Expectation bug: the Intel KMS code does not support switching back to a text console.  Or rather, it allows it, but the graphics mode is not switched back to text, so the console is not visible.


----------



## ohyes (Mar 18, 2013)

wblock@ said:
			
		

> Expectation bug: the Intel KMS code does not support switching back to a text console.  Or rather, it allows it, but the graphics mode is not switched back to text, so the console is not visible.



Thanks for the info @wblock@.
It's bad  (Also we cannot see shu*t*ting down the log process).

And without disabling Intel Video Card in the BIOS it is not possible to use the nVidia card?


----------



## wblock@ (Mar 18, 2013)

ohyes said:
			
		

> And without disabling Intel Video Card in the Bios it is not possible to use the nVidia card ?

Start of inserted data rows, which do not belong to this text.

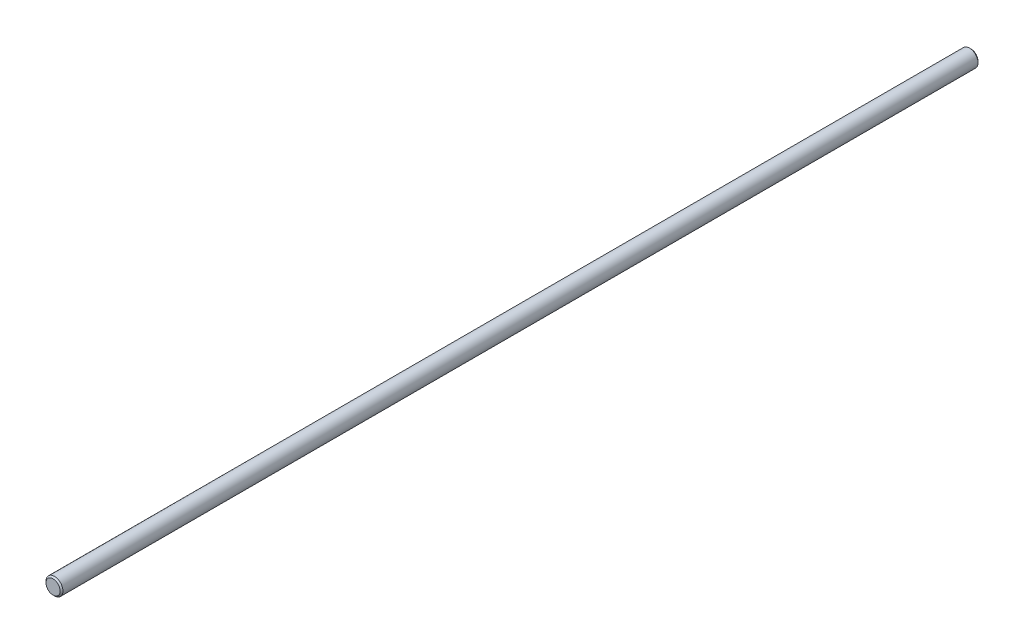
ISO-10303-21;
HEADER;
FILE_DESCRIPTION(('STEP AP214'),'2;1');
FILE_NAME('part.step','',(''),(''),'','','');
FILE_SCHEMA(('AUTOMOTIVE_DESIGN { 1 0 10303 214 1 1 1 1 }'));
ENDSEC;
DATA;
#1=APPLICATION_CONTEXT('core data for automotive mechanical design processes');
#2=APPLICATION_PROTOCOL_DEFINITION('international standard','automotive_design',2000,#1);
#3=PRODUCT_CONTEXT('',#1,'mechanical');
#4=PRODUCT('Part','Part','',(#3));
#5=PRODUCT_RELATED_PRODUCT_CATEGORY('part','',(#4));
#6=PRODUCT_DEFINITION_FORMATION('','',#4);
#7=PRODUCT_DEFINITION_CONTEXT('part definition',#1,'design');
#8=PRODUCT_DEFINITION('design','',#6,#7);
#9=PRODUCT_DEFINITION_SHAPE('','',#8);
#10=(LENGTH_UNIT() NAMED_UNIT(*) SI_UNIT(.MILLI.,.METRE.));
#11=(NAMED_UNIT(*) PLANE_ANGLE_UNIT() SI_UNIT($,.RADIAN.));
#12=(NAMED_UNIT(*) SI_UNIT($,.STERADIAN.) SOLID_ANGLE_UNIT());
#13=UNCERTAINTY_MEASURE_WITH_UNIT(LENGTH_MEASURE(1.E-05),#10,'distance_accuracy_value','');
#14=(GEOMETRIC_REPRESENTATION_CONTEXT(3) GLOBAL_UNCERTAINTY_ASSIGNED_CONTEXT((#13)) GLOBAL_UNIT_ASSIGNED_CONTEXT((#10,
#11,#12)) REPRESENTATION_CONTEXT('',''));
#15=CARTESIAN_POINT('',(0.,0.,0.));
#16=DIRECTION('',(0.,0.,1.));
#17=DIRECTION('',(1.,0.,0.));
#18=AXIS2_PLACEMENT_3D('',#15,#16,#17);
#19=CARTESIAN_POINT('',(0.,0.,325.));
#20=DIRECTION('',(0.,0.,-1.));
#21=DIRECTION('',(-1.,0.,0.));
#22=AXIS2_PLACEMENT_3D('',#19,#20,#21);
#23=CYLINDRICAL_SURFACE('',#22,6.);
#24=CARTESIAN_POINT('',(0.,0.,324.));
#25=DIRECTION('',(0.,0.,1.));
#26=DIRECTION('',(1.,0.,0.));
#27=AXIS2_PLACEMENT_3D('',#24,#25,#26);
#28=CIRCLE('',#27,6.);
#29=CARTESIAN_POINT('',(6.,0.,324.));
#30=VERTEX_POINT('',#29);
#31=EDGE_CURVE('E56',#30,#30,#28,.F.);
#32=ORIENTED_EDGE('',*,*,#31,.T.);
#33=EDGE_LOOP('',(#32));
#34=FACE_BOUND('',#33,.T.);
#35=CARTESIAN_POINT('',(0.,0.,-324.));
#36=DIRECTION('',(0.,0.,1.));
#37=DIRECTION('',(1.,0.,0.));
#38=AXIS2_PLACEMENT_3D('',#35,#36,#37);
#39=CIRCLE('',#38,6.);
#40=CARTESIAN_POINT('',(6.,0.,-324.));
#41=VERTEX_POINT('',#40);
#42=EDGE_CURVE('E61',#41,#41,#39,.T.);
#43=ORIENTED_EDGE('',*,*,#42,.T.);
#44=EDGE_LOOP('',(#43));
#45=FACE_BOUND('',#44,.T.);
#46=ADVANCED_FACE('F47',(#34,#45),#23,.T.);
#47=CARTESIAN_POINT('',(0.,0.,325.));
#48=DIRECTION('',(0.,0.,1.));
#49=DIRECTION('',(1.,0.,0.));
#50=AXIS2_PLACEMENT_3D('',#47,#48,#49);
#51=PLANE('',#50);
#52=CARTESIAN_POINT('',(0.,0.,325.));
#53=DIRECTION('',(0.,0.,1.));
#54=DIRECTION('',(1.,0.,0.));
#55=AXIS2_PLACEMENT_3D('',#52,#53,#54);
#56=CIRCLE('',#55,5.);
#57=CARTESIAN_POINT('',(5.,0.,325.));
#58=VERTEX_POINT('',#57);
#59=EDGE_CURVE('E66',#58,#58,#56,.T.);
#60=ORIENTED_EDGE('',*,*,#59,.T.);
#61=EDGE_LOOP('',(#60));
#62=FACE_BOUND('',#61,.T.);
#63=ADVANCED_FACE('F73',(#62),#51,.T.);
#64=CARTESIAN_POINT('',(0.,0.,-325.));
#65=DIRECTION('',(0.,0.,1.));
#66=DIRECTION('',(1.,0.,0.));
#67=AXIS2_PLACEMENT_3D('',#64,#65,#66);
#68=PLANE('',#67);
#69=CARTESIAN_POINT('',(0.,0.,-325.));
#70=DIRECTION('',(0.,0.,1.));
#71=DIRECTION('',(1.,0.,0.));
#72=AXIS2_PLACEMENT_3D('',#69,#70,#71);
#73=CIRCLE('',#72,4.99999999999984);
#74=CARTESIAN_POINT('',(4.99999999999984,0.,-325.));
#75=VERTEX_POINT('',#74);
#76=EDGE_CURVE('E10',#75,#75,#73,.F.);
#77=ORIENTED_EDGE('',*,*,#76,.T.);
#78=EDGE_LOOP('',(#77));
#79=FACE_BOUND('',#78,.T.);
#80=ADVANCED_FACE('F77',(#79),#68,.F.);
#81=CARTESIAN_POINT('',(0.,0.,325.));
#82=DIRECTION('',(0.,0.,-1.));
#83=DIRECTION('',(-1.,0.,0.));
#84=AXIS2_PLACEMENT_3D('',#81,#82,#83);
#85=CONICAL_SURFACE('',#84,5.,0.785398163397474);
#86=ORIENTED_EDGE('',*,*,#31,.F.);
#87=EDGE_LOOP('',(#86));
#88=FACE_BOUND('',#87,.T.);
#89=ORIENTED_EDGE('',*,*,#59,.F.);
#90=EDGE_LOOP('',(#89));
#91=FACE_BOUND('',#90,.T.);
#92=ADVANCED_FACE('F75',(#88,#91),#85,.T.);
#93=CARTESIAN_POINT('',(0.,0.,-324.));
#94=DIRECTION('',(0.,0.,1.));
#95=DIRECTION('',(1.,0.,0.));
#96=AXIS2_PLACEMENT_3D('',#93,#94,#95);
#97=CONICAL_SURFACE('',#96,6.,0.785398163397418);
#98=ORIENTED_EDGE('',*,*,#76,.F.);
#99=EDGE_LOOP('',(#98));
#100=FACE_BOUND('',#99,.T.);
#101=ORIENTED_EDGE('',*,*,#42,.F.);
#102=EDGE_LOOP('',(#101));
#103=FACE_BOUND('',#102,.T.);
#104=ADVANCED_FACE('F50',(#100,#103),#97,.T.);
#105=CLOSED_SHELL('',(#46,#63,#80,#92,#104));
#106=MANIFOLD_SOLID_BREP('B2',#105);
#107=ADVANCED_BREP_SHAPE_REPRESENTATION('',(#18,#106),#14);
#108=SHAPE_DEFINITION_REPRESENTATION(#9,#107);
ENDSEC;
END-ISO-10303-21;

Maybe it will work, but unlikely.  In xorg.conf, there would only be an nvidia Device entry, no intel.


----------



## ohyes (Mar 18, 2013)

@@DutchDaemon :_ I'm sorry, i did not see your edit cause it was quick post/reply.
My repeated error was not a so bad error but it was._

About the thread, I mark it as [SOLVED] cause there is no solution for the moment -2013/03/18- (for switching to tty with an Intel graphic card like on Irondale).


			
				wblock@ said:
			
		

> Expectation bug: the Intel KMS code does not support switching back to a text console.  Or rather, it allows it, but the graphics mode is not switched back to text, so the console is not visible.



If I try to use the nVidia card onboard I know that I have a problem of 'no screens found', and specify EDID file in xorg.conf does nothing for me.

Maybe someone have information about sysutils/acpi_call port? And then, how we can disable INTEL GPU?


----------



## vermaden (Mar 18, 2013)

ohyes said:
			
		

> If I try to use the nVidia card onboard I know that I have a problem of 'no screens found', and specify EDID file in xorg.conf does nothing for me.


Check that mate:
http://romain.blogreen.org/blog/2013/02/patching-screens-edid-information/


----------



## ohyes (Mar 18, 2013)

*M*any thanks @vermaden. I will retry the nVidia install (without disabling the Intel GPU in the BIOS because I can't).

I'm not a specialist of FreeBSD kernel and hardware configuration. I think one of my last chances could be:

Rebuild the 9.1 kernel without detecting the Intel GPU _- not possible I think - _
Use apci_call to prevent loading of the Intel GPU _- don't know how -_
force Xorg to load my EDID file with the nVidia Card _- next try - _


----------



## Anjar Wmk (Oct 16, 2015)

wblock@ said:


> Rebuild the x11-drivers/xf86-video-intel:
> `# make -C /usr/ports/x11-drivers/xf86-video-intel clean deinstall install clean`



I have optimus nvidia GT540 M and installed CentOS 7 it use i915kms driver without problem.

I searched for almost two weeks to find how to make X11 work in FreeBSD 10.2-RELEASE. Finally after two weeks, this method works for me.


----------



## free-and-bsd (Nov 11, 2015)

BTW, switching back to console mode is working now. Though it will rather look like fb console.


----------